Our findings highlight that while Mediterranean regions maintain traditional dietary patterns, globalization and modern lifestyle shifts are narrowing regional health behaviors. Public health strategies should address region-specific barriers, including economic constraints in MC regions and knowledge gaps in NMC regions, while promoting MedDiet adherence. Future research should explore the impact of cultural, socio-economic, and digital factors on dietary behaviors and mental health to develop tailored, effective interventions for improving overall well-being.

摘要

引言

地中海饮食因其对健康有益而闻名;然而,不同地区对其原则的遵循情况存在差异,并且受到地理、文化、经济和生活方式等因素的影响。本研究考察了地中海国家(MC)和非地中海国家(NMC)在社会人口统计学和生活方式因素方面的区域差异,特别关注对地中海饮食和生活方式的坚持情况,以及每个地区相关的障碍。

方法

在10个国家开展了MEDIET4ALL国际调查,收集了4010名参与者的数据。通过地中海生活指数评估饮食依从性,其他生活方式指标包括身体活动(国际体力活动问卷简表,IPAQ-SF)、睡眠模式(匹兹堡睡眠质量指数,PSQI)、心理健康(抑郁焦虑压力量表-21,DASS-21)和社会参与(社会支持与参与质量量表,SSPQL)。
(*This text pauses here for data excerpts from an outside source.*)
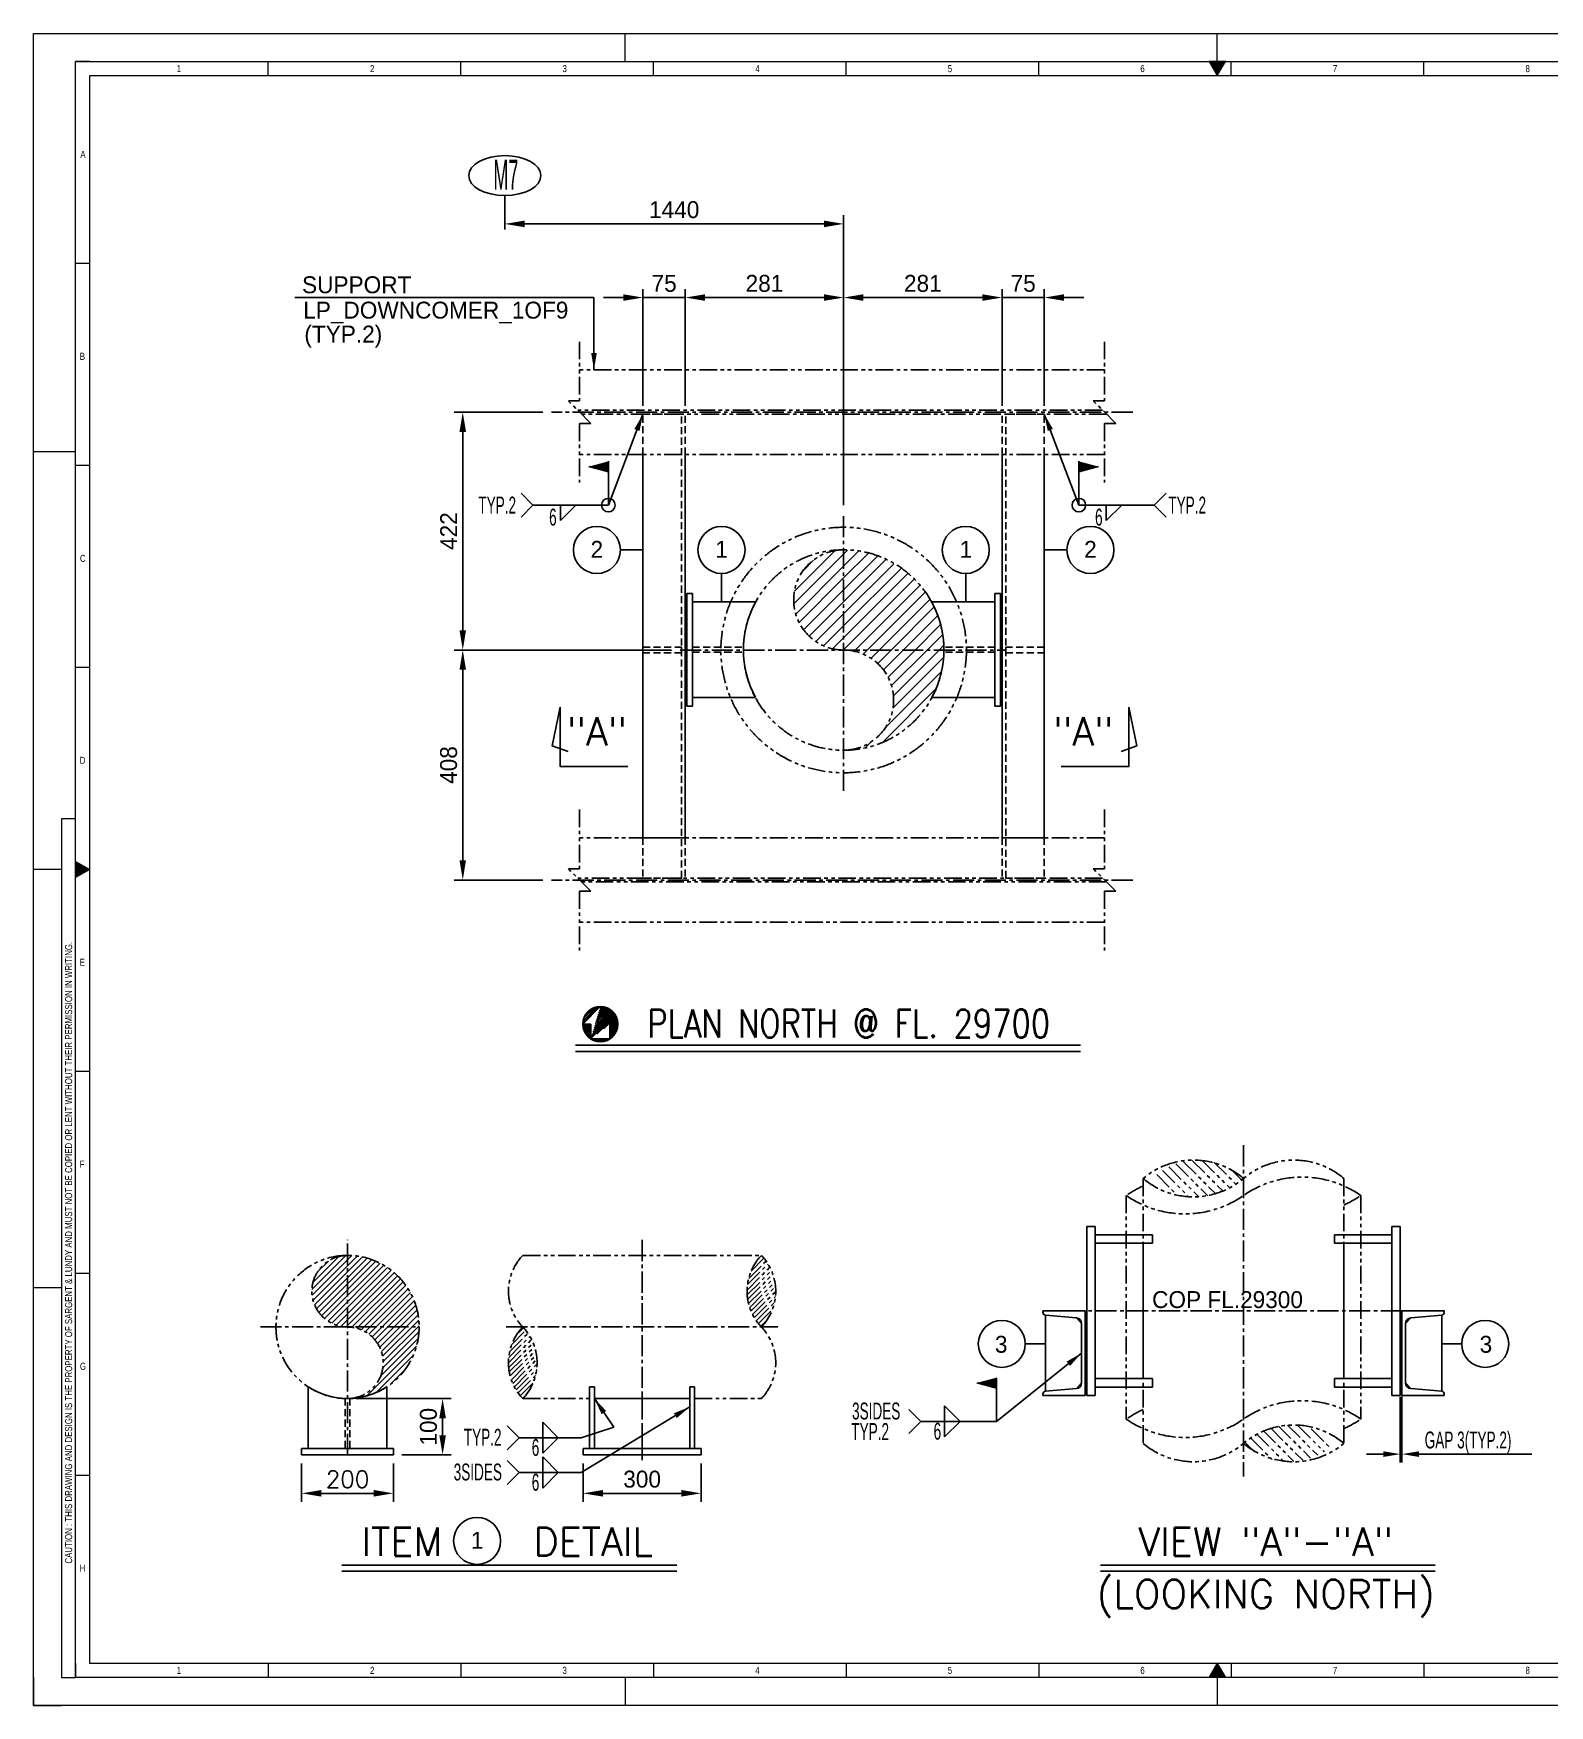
# Model space of a CAD drawing. Header units: millimetres. Extents: x 0 to 4222, y 0 to 2966.
# Drawn here: x 0 to 2690, y 0 to 2966 of the extents above; entities that cross this region are included whole.
import ezdxf
from ezdxf.enums import TextEntityAlignment as Align

# ---------------------------------------------------------------- set-up
doc = ezdxf.new("R2010")
doc.units = ezdxf.units.MM
doc.header["$LTSCALE"] = 50
for name, pattern in [('CENTER', [2, 1.25, -0.25, 0.25, -0.25]), ('CENTER2', [1.125, 0.75, -0.125, 0.125, -0.125]), ('HIDDEN', [0.375, 0.25, -0.125]), ('PHANTOM2', [1.25, 0.625, -0.125, 0.125, -0.125, 0.125, -0.125])]:
    doc.linetypes.add(name, pattern=pattern)
for name, color, linetype in [('1', 1, 'CENTER'), ('1. continuous', 3, 'Continuous'), ('2. Hidden', 2, 'HIDDEN'), ('3. phantom', 6, 'PHANTOM2'), ('5. text', 2, 'Continuous'), ('7. center', 1, 'CENTER2'), ('dimension', 7, 'Continuous'), ('text', 2, 'Continuous'), ('TITLE', 9, 'Continuous')]:
    doc.layers.add(name, color=color, linetype=linetype)
for name, color, linetype, lineweight in [('4', 4, 'Continuous', 9), ('G-ANNO-BRDR', 3, 'Continuous', 0), ('G-ANNO-TTLB', 7, 'Continuous', 0)]:
    doc.layers.add(name, color=color, linetype=linetype, lineweight=lineweight)
doc.styles.add('ROMANS', font='romans.shx', dxfattribs={"width": 0.8, "bigfont": 'whgtxt.shx'})
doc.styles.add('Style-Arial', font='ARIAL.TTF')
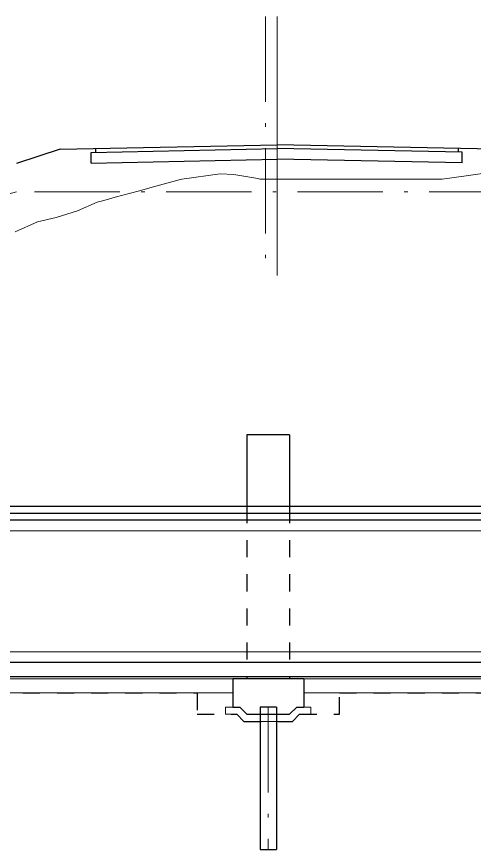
# Model space of a CAD drawing. Header units: millimetres. Extents: x -2078669 to -1085629, y -5987148 to 310365.
# Drawn here: x -1178976 to -1162887, y -4347973 to -4318685 of the extents above; entities that cross this region are included whole.
import ezdxf

# ---------------------------------------------------------------- set-up
doc = ezdxf.new("R2010")
doc.units = ezdxf.units.MM
doc.header["$LTSCALE"] = 500
doc.linetypes.add('SXF_一点短鎖線', pattern=[9.25, 6, -1.5, 0.25, -1.5])
doc.linetypes.add('SXF_跳び破線', pattern=[12, 6, -6])
for name, color, linetype, lineweight in [('D-BGD', 7, 'Continuous', 13), ('D-BMK', 2, 'SXF_一点短鎖線', 13), ('D-BYP-STR4', 6, 'Continuous', 25), ('D-BYP-STR6', 2, 'SXF_一点短鎖線', 13), ('D-BYP-STR7', 2, 'Continuous', 13), ('D-BYP-STR8', 5, 'Continuous', 25), ('D-STR', 1, 'Continuous', 25), ('D-STR-STR1', 2, 'Continuous', 13), ('D-STR-STR2', 7, 'Continuous', 13), ('D-STR-STR8', 1, 'Continuous', 25), ('D-STR-STR9', 1, 'Continuous', 25)]:
    doc.layers.add(name, color=color, linetype=linetype, lineweight=lineweight)

msp = doc.modelspace()

# ---------------------------------------------------------------- linework, layer by layer
at = {"layer": 'D-BGD', "linetype": 'Continuous', "lineweight": 13}
msp.add_lwpolyline([(-1162184.5, -4324147.8), (-1163172.4, -4324282.7), (-1164015.5, -4324397.8), (-1164614.2, -4324397.8), (-1165482.3, -4324397.8), (-1166056, -4324397.8), (-1166762.1, -4324397.8), (-1167497.8, -4324397.8), (-1167990.5, -4324397.8), (-1168939.6, -4324397.8), (-1169508.7, -4324397.8), (-1170381.4, -4324397.8), (-1170424.3, -4324397.8), (-1170498.8, -4324377.4), (-1171339.8, -4324231.6), (-1171823.2, -4324213.8), (-1173170.9, -4324397.8), (-1173265, -4324423.5), (-1174086.4, -4324647.8), (-1174706.8, -4324817.2), (-1175515.4, -4325038), (-1175917.5, -4325147.8), (-1176148.6, -4325210.9), (-1176833, -4325516.4), (-1177590.4, -4325751.2), (-1178247.1, -4325897.8), (-1179032.2, -4326248.3)], dxfattribs=at)
at = {"layer": 'D-BMK', "linetype": 'SXF_一点短鎖線'}
for p, q in [((-1170226.5, -4318684.7), (-1170226.5, -4327792.9)), ((-1169817.4, -4318684.7), (-1169817.4, -4327792.9)), ((-1169817.4, -4320850.3), (-1169817.4, -4327792.9)), ((-1170132.2, -4342972.8), (-1170132.2, -4347972.8))]:
    msp.add_line(p, q, dxfattribs=at)
at = {"layer": 'D-BYP-STR4'}
for p, q in [((-1170419.7, -4342972.8), (-1170419.7, -4347972.8)), ((-1169844.7, -4342972.8), (-1170419.7, -4342972.8)), ((-1169844.7, -4342972.8), (-1169844.7, -4347972.8)), ((-1170419.7, -4347972.8), (-1169844.7, -4347972.8))]:
    msp.add_line(p, q, dxfattribs=at)
at = {"layer": 'D-BYP-STR6', "linetype": 'SXF_一点短鎖線'}
msp.add_lwpolyline([(-1123881.5, -4343647.8), (-1143376.5, -4333900.3), (-1161476.5, -4324850.3), (-1178976.5, -4324850.3), (-1243902.2, -4342397.8)], dxfattribs=at)
at = {"layer": 'D-BYP-STR7'}
for p, q in [((-1210881.5, -4341972.8), (-1155632.2, -4341972.8)), ((-1209956.5, -4342472.8), (-1171382.2, -4342472.8)), ((-1168882.2, -4342472.8), (-1158307.2, -4342472.8))]:
    msp.add_line(p, q, dxfattribs=at)
msp.add_lwpolyline([(-1168882.2, -4342972.8), (-1168632.2, -4342972.8), (-1168632.2, -4343222.8), (-1169028.6, -4343222.8), (-1169278.6, -4343472.8), (-1170985.7, -4343472.8), (-1171235.7, -4343222.8), (-1171632.2, -4343222.8), (-1171632.2, -4342972.8), (-1171382.2, -4342972.8)], dxfattribs=at)
at = {"layer": 'D-BYP-STR8'}
for p, q in [((-1210881.5, -4335897.8), (-1155632.2, -4335897.8)), ((-1154382.2, -4336397.8), (-1212131.5, -4336397.8)), ((-1154382.2, -4341397.8), (-1212131.5, -4341397.8)), ((-1210881.5, -4341897.8), (-1155632.2, -4341897.8))]:
    msp.add_line(p, q, dxfattribs=at)
at = {"layer": 'D-STR'}
for p, q in [((-1170882.2, -4333397.8), (-1170882.2, -4335897.8)), ((-1169382.2, -4333397.8), (-1170882.2, -4333397.8)), ((-1169382.2, -4333397.8), (-1169382.2, -4335897.8)), ((-1171382.2, -4341972.8), (-1171382.2, -4342972.8)), ((-1168882.2, -4341972.8), (-1171382.2, -4341972.8)), ((-1168882.2, -4341972.8), (-1168882.2, -4342972.8))]:
    msp.add_line(p, q, dxfattribs=at)
at = {"layer": 'D-STR', "linetype": 'SXF_跳び破線', "ltscale": 0.2}
for p, q in [((-1170882.2, -4335897.8), (-1170882.2, -4341972.8)), ((-1169382.2, -4335897.8), (-1169382.2, -4341972.8))]:
    msp.add_line(p, q, dxfattribs=at)
at = {"layer": 'D-STR'}
msp.add_lwpolyline([(-1171382.2, -4342972.8), (-1171132.2, -4342972.8), (-1170882.2, -4343222.8), (-1169382.2, -4343222.8), (-1169132.2, -4342972.8), (-1168882.2, -4342972.8)], dxfattribs=at)
at = {"layer": 'D-STR-STR1', "linetype": 'Continuous', "lineweight": 25}
for p, q in [((-1176351.6, -4323457.4), (-1169817.4, -4323322.8)), ((-1176351.6, -4323832.4), (-1176351.6, -4323457.4)), ((-1176192.3, -4323454.3), (-1176192.4, -4323325.3)), ((-1163317.5, -4323452.8), (-1169817.4, -4323322.8)), ((-1163442.5, -4323450.3), (-1163442.4, -4323325.3)), ((-1163317.5, -4323827.8), (-1163317.5, -4323452.8)), ((-1176351.6, -4323832.4), (-1169817.4, -4323697.8)), ((-1163317.5, -4323827.8), (-1169817.4, -4323697.8))]:
    msp.add_line(p, q, dxfattribs=at)
at = {"layer": 'D-STR-STR2', "color": 2}
for p, q in [((-1154382.2, -4336772.8), (-1212131.5, -4336772.8)), ((-1212131.5, -4341022.8), (-1154382.2, -4341022.8))]:
    msp.add_line(p, q, dxfattribs=at)
at = {"layer": 'D-STR-STR8'}
msp.add_line((-1208484.9, -4336147.8), (-1131453, -4336147.8), dxfattribs=at)
at = {"layer": 'D-STR-STR8', "linetype": 'SXF_跳び破線', "ltscale": 0.2}
msp.add_lwpolyline([(-1216881.5, -4343147.8), (-1214985, -4343147.8), (-1214735, -4343397.8), (-1213027.9, -4343397.8), (-1212777.9, -4343147.8), (-1210631.5, -4343147.8), (-1209956.5, -4342472.8), (-1172632.2, -4342472.8), (-1172632.2, -4343222.8), (-1171235.7, -4343222.8), (-1170985.7, -4343472.8), (-1169278.6, -4343472.8), (-1169028.6, -4343222.8), (-1167632.2, -4343222.8), (-1167632.2, -4342472.8), (-1158307.2, -4342472.8), (-1155882.2, -4344897.8), (-1144235, -4344897.8), (-1143985, -4345147.8), (-1142277.9, -4345147.8), (-1142027.9, -4344897.8), (-1137131.5, -4344897.8), (-1136131.5, -4343897.8), (-1125735, -4343897.8)], dxfattribs=at)
at = {"layer": 'D-STR-STR9', "ltscale": 0.01}
for p, q in [((-1177442.4, -4323350.3), (-1169817.4, -4323197.8)), ((-1162192.4, -4323350.3), (-1169817.4, -4323197.8)), ((-1177442.4, -4323350.3), (-1178976.5, -4323850.3))]:
    msp.add_line(p, q, dxfattribs=at)

doc.saveas('drawing.dxf')

统计分析包括卡方检验、曼-惠特尼U检验和标准化残差分析,以确定显著的区域差异。

结果

研究揭示了不同的饮食模式,MC地区的参与者对传统地中海饮食成分(豆类、鱼类)的依从性更强,而NMC地区的参与者则更倾向于现代改良版(全谷物)。两个地区都以低身体活动为主(60%-62%),不过MC地区参与中度身体活动的参与者更多(21.1%对18.5%)。MC地区“有时社交活跃”的个体比例更高,NMC地区在“总是社交活跃”类别中的占比更大。MC地区的睡眠质量较差(45%低于推荐时长,而NMC地区为40%),而NMC地区报告的失眠率更高。心理健康症状相当(两个地区中33%-35%有中度抑郁/焦虑),反映了疫情后的全球趋势。不同地区面临的障碍有所不同,MC地区面临经济/获取方面的限制,而NMC地区则在知识差距和时间限制方面存在困难。

结论

我们的研究结果表明,虽然地中海地区保持着传统饮食模式,但全球化和现代生活方式的转变正在缩小区域健康行为的差异。公共卫生策略应解决特定区域的障碍,包括MC地区的经济限制和NMC地区的知识差距,同时促进对地中海饮食的依从性。未来的研究应探索文化、社会经济和数字因素对饮食行为和心理健康的影响,以制定针对性强、有效的干预措施来改善整体幸福感。